- **TASK OBJECTIVE**: Pick out every line of the entries below where "simulink" occurs, and copy those lines.

- **RECORDS PROVIDED**:
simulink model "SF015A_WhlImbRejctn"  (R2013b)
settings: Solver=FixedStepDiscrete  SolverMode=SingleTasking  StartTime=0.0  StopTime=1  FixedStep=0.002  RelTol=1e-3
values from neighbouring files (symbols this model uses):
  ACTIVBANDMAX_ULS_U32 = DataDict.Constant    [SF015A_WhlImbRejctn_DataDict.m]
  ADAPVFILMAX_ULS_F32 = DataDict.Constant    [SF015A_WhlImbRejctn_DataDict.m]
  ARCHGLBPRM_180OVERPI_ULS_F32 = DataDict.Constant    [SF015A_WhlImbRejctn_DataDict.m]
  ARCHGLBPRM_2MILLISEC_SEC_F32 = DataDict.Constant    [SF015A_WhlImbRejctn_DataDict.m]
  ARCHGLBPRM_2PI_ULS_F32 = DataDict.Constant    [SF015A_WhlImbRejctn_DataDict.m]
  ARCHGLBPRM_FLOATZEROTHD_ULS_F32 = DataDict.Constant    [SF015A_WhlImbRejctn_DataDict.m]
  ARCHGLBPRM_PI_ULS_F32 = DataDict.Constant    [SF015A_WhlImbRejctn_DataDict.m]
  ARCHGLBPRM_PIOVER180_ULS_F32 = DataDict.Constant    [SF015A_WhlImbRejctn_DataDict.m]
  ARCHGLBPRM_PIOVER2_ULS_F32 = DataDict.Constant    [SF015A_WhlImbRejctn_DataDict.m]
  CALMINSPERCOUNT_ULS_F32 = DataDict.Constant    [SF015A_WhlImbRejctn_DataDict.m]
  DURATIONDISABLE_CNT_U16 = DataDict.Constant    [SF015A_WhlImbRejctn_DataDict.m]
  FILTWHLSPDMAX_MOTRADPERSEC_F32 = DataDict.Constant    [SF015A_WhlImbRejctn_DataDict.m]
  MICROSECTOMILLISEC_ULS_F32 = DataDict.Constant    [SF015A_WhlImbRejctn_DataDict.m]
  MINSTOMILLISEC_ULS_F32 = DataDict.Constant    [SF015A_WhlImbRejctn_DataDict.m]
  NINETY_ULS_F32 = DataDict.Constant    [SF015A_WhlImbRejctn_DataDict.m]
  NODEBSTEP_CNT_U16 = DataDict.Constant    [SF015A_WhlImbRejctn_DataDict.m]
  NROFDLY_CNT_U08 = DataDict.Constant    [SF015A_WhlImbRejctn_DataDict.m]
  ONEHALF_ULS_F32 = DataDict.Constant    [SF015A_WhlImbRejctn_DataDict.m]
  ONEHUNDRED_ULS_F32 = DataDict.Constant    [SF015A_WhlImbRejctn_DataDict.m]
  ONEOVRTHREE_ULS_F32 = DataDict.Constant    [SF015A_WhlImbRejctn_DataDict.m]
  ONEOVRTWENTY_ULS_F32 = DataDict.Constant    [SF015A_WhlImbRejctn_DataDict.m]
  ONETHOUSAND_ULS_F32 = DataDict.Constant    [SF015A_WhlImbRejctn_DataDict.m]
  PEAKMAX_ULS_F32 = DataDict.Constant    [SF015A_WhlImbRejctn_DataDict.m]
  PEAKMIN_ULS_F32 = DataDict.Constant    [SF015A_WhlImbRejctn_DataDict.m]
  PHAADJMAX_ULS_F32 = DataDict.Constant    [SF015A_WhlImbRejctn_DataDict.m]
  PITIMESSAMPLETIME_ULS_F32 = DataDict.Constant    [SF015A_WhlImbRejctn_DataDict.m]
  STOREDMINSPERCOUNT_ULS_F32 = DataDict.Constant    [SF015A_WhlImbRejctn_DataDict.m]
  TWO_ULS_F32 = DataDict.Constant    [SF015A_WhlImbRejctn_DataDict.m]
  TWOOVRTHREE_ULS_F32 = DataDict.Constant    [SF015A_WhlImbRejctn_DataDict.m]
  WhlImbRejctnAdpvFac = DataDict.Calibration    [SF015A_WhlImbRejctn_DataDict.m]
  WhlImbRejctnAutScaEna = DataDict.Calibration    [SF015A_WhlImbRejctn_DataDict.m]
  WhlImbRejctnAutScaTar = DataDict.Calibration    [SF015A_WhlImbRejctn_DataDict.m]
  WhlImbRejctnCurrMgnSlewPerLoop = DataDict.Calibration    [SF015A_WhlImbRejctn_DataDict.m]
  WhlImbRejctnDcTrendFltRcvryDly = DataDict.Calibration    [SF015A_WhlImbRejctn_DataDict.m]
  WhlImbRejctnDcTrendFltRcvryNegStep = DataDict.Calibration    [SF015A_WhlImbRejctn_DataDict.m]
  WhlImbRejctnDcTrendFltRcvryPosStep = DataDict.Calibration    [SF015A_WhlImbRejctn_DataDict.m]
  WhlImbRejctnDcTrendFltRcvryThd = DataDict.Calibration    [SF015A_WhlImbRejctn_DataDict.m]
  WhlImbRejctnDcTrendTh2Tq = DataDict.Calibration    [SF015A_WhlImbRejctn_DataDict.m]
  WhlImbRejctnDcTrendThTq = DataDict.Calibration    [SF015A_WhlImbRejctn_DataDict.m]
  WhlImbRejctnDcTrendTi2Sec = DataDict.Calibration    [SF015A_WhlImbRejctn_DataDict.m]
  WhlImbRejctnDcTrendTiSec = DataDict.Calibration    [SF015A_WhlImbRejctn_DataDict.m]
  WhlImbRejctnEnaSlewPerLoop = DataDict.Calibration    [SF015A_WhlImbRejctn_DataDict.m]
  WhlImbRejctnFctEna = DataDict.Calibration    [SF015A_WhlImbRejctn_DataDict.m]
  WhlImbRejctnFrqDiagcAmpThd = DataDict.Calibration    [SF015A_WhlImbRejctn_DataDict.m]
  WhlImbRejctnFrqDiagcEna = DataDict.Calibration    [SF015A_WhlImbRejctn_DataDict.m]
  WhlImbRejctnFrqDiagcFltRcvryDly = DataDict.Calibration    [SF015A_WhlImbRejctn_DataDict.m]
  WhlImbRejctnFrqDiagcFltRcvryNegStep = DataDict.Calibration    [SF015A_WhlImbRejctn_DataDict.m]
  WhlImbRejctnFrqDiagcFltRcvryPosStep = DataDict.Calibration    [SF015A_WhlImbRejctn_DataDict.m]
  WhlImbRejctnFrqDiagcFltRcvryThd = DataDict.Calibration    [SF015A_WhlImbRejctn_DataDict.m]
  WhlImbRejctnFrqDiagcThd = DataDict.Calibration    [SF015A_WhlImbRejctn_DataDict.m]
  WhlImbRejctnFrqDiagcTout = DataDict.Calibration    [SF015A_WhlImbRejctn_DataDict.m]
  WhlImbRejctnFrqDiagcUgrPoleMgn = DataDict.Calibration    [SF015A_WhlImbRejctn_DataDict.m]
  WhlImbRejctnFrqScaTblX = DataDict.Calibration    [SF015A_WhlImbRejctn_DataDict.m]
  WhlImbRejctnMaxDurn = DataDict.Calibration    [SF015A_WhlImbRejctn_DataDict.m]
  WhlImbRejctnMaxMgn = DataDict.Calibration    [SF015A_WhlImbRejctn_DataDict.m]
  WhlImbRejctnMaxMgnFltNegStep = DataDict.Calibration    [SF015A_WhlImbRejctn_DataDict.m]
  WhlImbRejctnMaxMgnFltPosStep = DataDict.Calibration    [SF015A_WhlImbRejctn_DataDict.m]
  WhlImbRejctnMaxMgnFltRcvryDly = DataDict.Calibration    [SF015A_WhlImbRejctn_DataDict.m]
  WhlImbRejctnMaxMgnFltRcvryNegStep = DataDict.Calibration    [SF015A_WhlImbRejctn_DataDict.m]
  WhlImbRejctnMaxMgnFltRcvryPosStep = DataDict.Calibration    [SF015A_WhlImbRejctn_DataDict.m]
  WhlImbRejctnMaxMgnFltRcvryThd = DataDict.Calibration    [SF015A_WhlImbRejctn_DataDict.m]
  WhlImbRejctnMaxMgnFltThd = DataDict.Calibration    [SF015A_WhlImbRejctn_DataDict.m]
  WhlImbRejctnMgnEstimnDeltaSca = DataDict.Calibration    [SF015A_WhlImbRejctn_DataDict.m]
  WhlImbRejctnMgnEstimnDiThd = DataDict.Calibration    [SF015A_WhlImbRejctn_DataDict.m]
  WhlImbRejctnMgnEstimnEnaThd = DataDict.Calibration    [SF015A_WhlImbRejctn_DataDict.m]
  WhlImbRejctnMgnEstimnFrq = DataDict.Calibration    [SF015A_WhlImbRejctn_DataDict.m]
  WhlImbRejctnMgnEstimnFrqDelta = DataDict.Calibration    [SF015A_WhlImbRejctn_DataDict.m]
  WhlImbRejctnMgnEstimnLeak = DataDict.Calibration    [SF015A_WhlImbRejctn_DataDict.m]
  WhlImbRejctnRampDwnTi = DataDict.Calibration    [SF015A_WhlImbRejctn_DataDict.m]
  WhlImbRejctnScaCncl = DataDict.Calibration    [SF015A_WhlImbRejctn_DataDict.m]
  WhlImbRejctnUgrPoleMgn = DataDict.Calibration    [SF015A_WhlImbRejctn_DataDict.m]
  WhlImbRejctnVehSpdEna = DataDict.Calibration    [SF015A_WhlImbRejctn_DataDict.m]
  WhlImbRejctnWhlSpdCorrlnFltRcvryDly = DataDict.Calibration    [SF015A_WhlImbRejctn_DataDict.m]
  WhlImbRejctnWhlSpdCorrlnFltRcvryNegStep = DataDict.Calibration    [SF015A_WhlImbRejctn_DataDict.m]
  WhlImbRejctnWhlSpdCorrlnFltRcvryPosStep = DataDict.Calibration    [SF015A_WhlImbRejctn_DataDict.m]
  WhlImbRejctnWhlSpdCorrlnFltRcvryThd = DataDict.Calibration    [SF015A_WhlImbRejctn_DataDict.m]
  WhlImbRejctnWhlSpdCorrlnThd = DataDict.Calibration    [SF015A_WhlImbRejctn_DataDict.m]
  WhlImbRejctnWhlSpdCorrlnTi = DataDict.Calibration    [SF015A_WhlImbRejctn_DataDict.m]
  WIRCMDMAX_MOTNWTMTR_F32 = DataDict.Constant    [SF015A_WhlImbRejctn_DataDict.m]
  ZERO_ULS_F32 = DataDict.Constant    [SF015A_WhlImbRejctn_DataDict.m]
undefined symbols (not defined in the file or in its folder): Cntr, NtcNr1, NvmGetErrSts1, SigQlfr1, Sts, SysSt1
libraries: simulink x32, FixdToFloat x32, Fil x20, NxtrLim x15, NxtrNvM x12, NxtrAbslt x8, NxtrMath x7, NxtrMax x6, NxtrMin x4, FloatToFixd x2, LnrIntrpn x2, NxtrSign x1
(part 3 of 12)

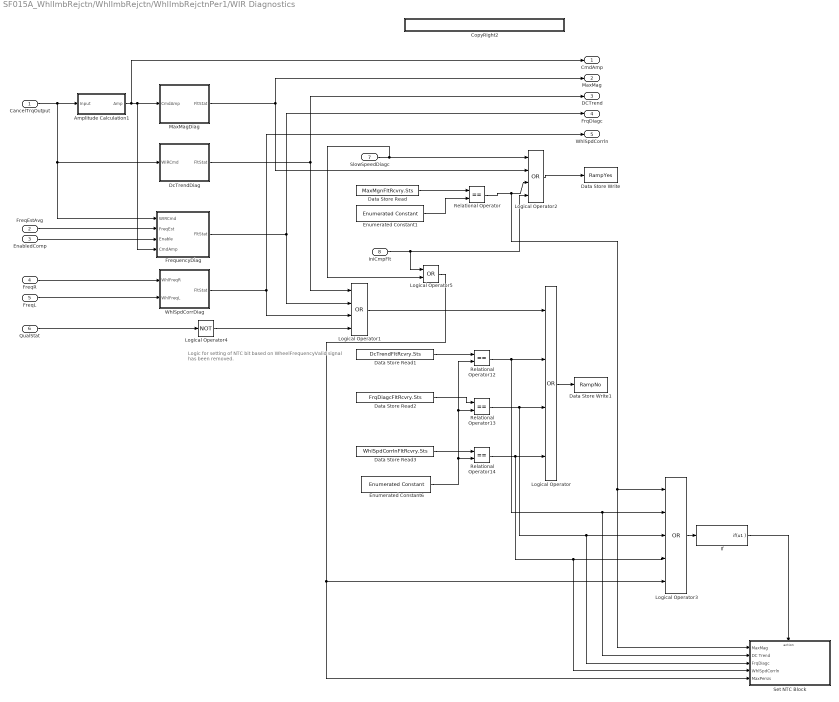
== system SF015A_WhlImbRejctn/WhlImbRejctn/WhlImbRejctnPer1/WIR Diagnostics ==
  note: Logic for setting of NTC bit based on WheelFrequencyValid
      | signal has been removed.
  CancelTrqOutput : Inport
  FreqEstAvg : Inport  Port=2
  EnabledComp : Inport  Port=3
  FreqR : Inport  Port=4
  FreqL : Inport  Port=5
  QualStat : Inport  Port=6
  "SlowSpeedDiagc " : Inport  Port=7
  IniCmpFlt : Inport  Port=8
  Amplitude Calculation1 : Subsystem
  CopyRight2 : Subsystem  Description=|  mask(Copyright Information){none=on}
      | Copyright info block.                                               
      |                                                                     
      | Place copyright information at the top of every subsystem in design.
      mask prompts: none "No parameters"
      mask help: Place copyright information at the top of every subsystem in design.
      mask Display:
      | NxtrConf = 'Nexteer Confidential';
      | 
      | sys = bdroot; %handle for the current model ("system")
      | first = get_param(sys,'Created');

- **SOLUTION TO THIS PROBLEM**:
simulink model "SF015A_WhlImbRejctn"  (R2013b)
libraries: simulink x32, FixdToFloat x32, Fil x20, NxtrLim x15, NxtrNvM x12, NxtrAbslt x8, NxtrMath x7, NxtrMax x6, NxtrMin x4, FloatToFixd x2, LnrIntrpn x2, NxtrSign x1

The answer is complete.